Insecure By Default
By Emmett on Wednesday, August 22 2007, 19:47 - Permalink
I never really paid much attention to the administration of SSH on my boxes. I figured debian probably set it up to be essentially secure by default.
While the algorithm is perfectly secure, there's a big problem. I was poking around my system logs after reading an article about someone else's box being compromised, and discovered multiple ip addresses trying to root passwords. Now, we have root login disabled on our boxes. But the fact that someone could just sit there guessing disturbed me greatly. What if someone actually wanted to break into our boxes? It's not like our usernames are highly obfuscated.
Turns out there's an easy solution:
$ sudo apt-get install denyhosts
Denyhosts blocks (temporarily) anyone who makes a sufficient number of failed login attempts. Why this behavior is not default, I am very unclear. Just whitelist your own ip to make sure you don't lock yourself out:
$ nano WORK_DIR/allowed-hosts
(look up the WORK_DIR in denyhosts.conf)
When I installed denyhosts it instantly locked out 4 people who were *currently* trying to crack our network. If you haven't considered installing it yourself, perhaps you should.
Comments
A more efficient way is by means of iptables and the ipt_recent module (see: http://kevin.vanzonneveld.net/techb... or http://www.ducea.com/2006/06/28/usi...).
In my experience, another layer you can add is to change the sshd to a non-default port. That way you'll screen all the automated bruteforcing attacks. But rememeber, if you do so, now you'll connect with: ssh myserver -p myneyport
Can't you just change the SSH config to disallow "root" user logins altogether?
Is this methond inherently insecure, or, less secure than 'denyhosts'?

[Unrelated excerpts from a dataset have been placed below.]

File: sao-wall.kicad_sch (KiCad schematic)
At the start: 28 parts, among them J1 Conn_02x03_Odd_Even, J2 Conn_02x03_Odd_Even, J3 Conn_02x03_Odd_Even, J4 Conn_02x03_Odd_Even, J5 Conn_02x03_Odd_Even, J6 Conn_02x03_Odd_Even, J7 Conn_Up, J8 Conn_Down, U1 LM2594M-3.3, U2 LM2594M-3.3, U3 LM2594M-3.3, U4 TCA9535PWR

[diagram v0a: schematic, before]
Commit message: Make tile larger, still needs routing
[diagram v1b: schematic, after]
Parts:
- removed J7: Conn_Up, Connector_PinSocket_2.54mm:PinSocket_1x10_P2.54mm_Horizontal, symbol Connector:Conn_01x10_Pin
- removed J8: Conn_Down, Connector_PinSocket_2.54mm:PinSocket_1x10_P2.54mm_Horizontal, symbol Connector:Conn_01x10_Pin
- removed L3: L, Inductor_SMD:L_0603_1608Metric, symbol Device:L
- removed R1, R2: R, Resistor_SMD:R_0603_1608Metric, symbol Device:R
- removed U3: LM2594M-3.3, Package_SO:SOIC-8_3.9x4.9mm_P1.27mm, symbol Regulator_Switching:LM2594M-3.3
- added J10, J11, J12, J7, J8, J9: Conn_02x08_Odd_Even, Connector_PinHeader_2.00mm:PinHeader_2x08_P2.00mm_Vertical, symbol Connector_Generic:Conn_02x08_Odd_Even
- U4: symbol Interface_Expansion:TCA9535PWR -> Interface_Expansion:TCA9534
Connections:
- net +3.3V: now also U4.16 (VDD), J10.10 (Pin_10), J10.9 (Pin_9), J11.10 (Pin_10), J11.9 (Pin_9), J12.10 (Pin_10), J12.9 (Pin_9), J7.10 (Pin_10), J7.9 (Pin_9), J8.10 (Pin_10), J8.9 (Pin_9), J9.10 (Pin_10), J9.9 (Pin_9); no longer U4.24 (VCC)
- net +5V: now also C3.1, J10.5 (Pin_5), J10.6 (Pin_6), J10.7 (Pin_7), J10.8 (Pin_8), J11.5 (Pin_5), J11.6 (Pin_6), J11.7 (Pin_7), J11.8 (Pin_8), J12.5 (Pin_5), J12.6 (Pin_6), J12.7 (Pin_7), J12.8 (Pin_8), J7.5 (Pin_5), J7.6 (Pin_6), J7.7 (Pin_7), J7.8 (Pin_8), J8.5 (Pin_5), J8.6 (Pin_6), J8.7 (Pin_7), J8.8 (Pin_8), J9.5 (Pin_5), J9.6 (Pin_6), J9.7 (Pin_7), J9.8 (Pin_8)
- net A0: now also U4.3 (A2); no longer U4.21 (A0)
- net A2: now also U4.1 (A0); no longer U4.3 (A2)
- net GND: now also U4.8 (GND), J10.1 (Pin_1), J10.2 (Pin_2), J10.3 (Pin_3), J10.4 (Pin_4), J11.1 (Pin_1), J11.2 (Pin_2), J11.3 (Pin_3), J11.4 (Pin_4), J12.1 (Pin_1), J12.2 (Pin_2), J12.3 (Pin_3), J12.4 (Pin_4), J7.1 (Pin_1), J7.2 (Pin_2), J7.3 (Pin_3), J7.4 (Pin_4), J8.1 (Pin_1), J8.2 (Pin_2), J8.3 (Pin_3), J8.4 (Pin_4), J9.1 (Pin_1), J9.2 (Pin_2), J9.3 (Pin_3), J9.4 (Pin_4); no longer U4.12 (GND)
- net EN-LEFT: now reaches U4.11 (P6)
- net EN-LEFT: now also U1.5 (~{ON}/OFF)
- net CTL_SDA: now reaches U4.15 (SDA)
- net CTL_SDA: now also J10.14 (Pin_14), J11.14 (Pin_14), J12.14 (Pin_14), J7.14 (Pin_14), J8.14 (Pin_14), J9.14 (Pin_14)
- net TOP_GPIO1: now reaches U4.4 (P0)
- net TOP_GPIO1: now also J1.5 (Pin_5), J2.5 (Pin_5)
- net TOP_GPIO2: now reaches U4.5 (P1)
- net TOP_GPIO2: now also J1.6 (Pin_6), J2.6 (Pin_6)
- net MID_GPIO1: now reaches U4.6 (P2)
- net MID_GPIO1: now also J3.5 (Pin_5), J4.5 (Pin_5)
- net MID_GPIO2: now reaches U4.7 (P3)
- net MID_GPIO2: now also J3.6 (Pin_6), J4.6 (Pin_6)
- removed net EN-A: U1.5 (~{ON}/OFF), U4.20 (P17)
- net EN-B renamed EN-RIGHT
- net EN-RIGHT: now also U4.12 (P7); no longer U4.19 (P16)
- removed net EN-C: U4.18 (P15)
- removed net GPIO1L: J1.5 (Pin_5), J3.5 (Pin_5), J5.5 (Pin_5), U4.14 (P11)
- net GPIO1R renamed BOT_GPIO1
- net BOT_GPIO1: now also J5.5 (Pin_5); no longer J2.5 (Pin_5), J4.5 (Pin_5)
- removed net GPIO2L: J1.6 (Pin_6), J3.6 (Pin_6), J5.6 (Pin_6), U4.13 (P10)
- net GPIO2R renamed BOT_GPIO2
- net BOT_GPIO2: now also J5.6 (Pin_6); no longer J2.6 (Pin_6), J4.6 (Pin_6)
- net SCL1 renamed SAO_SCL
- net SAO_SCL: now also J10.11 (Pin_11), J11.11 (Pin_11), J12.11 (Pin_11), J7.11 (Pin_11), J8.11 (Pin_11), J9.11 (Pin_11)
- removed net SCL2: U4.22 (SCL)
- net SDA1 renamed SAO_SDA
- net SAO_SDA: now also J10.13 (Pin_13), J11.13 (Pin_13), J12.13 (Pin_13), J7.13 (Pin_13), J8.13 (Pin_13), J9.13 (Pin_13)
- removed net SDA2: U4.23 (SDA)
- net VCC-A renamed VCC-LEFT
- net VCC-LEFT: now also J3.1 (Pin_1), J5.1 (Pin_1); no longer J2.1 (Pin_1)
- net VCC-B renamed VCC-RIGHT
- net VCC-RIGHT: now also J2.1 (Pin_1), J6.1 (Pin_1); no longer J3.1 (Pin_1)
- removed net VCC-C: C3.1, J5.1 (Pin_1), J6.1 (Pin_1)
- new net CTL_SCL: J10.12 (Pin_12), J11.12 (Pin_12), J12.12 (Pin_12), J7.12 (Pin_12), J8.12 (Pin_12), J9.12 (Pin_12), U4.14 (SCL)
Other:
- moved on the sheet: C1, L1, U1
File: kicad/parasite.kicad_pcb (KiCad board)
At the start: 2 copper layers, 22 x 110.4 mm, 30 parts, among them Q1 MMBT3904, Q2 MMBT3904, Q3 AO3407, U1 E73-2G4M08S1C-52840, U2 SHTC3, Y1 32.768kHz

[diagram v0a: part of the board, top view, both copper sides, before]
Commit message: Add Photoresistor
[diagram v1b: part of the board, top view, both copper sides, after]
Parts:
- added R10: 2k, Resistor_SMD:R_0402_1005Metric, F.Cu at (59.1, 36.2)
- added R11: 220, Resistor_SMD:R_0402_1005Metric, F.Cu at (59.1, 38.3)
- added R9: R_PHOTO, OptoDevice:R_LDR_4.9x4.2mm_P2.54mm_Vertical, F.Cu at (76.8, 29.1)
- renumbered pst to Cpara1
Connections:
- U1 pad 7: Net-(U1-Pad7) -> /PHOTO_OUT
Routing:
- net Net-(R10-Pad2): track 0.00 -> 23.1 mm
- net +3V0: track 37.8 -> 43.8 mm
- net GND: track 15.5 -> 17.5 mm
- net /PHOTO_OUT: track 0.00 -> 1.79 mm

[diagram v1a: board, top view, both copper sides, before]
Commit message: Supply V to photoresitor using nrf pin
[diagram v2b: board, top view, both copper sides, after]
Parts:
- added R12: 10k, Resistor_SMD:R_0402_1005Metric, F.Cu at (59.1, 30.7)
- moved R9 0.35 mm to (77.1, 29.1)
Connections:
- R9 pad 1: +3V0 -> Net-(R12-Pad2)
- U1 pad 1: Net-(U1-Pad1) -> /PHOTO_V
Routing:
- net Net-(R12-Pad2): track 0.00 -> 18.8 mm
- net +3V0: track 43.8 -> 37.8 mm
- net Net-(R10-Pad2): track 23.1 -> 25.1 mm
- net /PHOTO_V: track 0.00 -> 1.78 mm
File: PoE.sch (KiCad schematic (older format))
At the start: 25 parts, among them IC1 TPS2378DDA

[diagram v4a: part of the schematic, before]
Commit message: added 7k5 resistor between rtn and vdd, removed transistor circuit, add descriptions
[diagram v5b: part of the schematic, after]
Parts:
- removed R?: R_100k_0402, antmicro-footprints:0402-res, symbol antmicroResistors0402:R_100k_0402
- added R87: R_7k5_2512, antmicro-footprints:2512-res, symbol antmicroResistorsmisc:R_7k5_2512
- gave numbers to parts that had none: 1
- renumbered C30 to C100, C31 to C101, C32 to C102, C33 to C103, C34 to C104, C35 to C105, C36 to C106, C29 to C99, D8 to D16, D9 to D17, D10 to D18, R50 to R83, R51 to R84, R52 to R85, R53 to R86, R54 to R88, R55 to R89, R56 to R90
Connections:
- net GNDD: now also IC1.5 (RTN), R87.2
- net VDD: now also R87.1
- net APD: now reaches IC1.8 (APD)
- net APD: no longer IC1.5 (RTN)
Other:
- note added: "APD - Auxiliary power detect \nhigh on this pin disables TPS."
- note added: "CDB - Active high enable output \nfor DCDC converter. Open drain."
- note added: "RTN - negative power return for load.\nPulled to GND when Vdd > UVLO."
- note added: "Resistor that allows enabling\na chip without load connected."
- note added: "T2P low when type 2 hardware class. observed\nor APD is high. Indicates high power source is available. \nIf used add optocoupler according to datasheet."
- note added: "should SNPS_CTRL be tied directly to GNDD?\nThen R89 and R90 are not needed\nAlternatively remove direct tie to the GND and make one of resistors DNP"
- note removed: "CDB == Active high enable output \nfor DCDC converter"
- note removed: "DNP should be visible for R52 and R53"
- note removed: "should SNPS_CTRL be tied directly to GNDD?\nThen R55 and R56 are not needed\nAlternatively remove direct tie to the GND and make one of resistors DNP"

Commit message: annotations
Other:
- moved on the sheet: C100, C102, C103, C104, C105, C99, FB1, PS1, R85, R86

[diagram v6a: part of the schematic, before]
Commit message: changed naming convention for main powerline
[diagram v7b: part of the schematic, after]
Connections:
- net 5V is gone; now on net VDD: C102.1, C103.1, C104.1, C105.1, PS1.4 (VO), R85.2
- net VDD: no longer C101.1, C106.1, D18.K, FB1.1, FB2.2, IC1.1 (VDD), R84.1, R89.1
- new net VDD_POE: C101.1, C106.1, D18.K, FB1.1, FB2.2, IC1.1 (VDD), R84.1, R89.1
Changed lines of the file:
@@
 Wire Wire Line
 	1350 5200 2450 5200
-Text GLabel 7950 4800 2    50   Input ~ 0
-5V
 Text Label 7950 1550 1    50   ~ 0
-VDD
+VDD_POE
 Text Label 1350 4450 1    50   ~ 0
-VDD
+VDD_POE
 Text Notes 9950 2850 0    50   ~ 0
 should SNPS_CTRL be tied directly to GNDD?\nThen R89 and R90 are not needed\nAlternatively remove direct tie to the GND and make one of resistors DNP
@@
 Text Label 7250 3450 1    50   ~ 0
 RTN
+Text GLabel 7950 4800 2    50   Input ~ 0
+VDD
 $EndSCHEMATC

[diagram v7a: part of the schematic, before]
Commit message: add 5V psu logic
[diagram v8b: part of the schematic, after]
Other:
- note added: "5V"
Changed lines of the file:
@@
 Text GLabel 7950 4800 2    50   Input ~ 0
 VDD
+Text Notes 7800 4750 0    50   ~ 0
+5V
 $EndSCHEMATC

I have disallowed root logins. They also attempt to brute force a wide variety of other usernames, some of which actually exist. And these are just random attacks - what if someone actually decided they wanted to break into your server? They'd actually target whatever username you actually use.
Nice abarrera - I didn't know about the iptables approach, that's another good option.
I'm not super concerned about the automated attacks - none of the accounts they are using actually have passworded login enabled.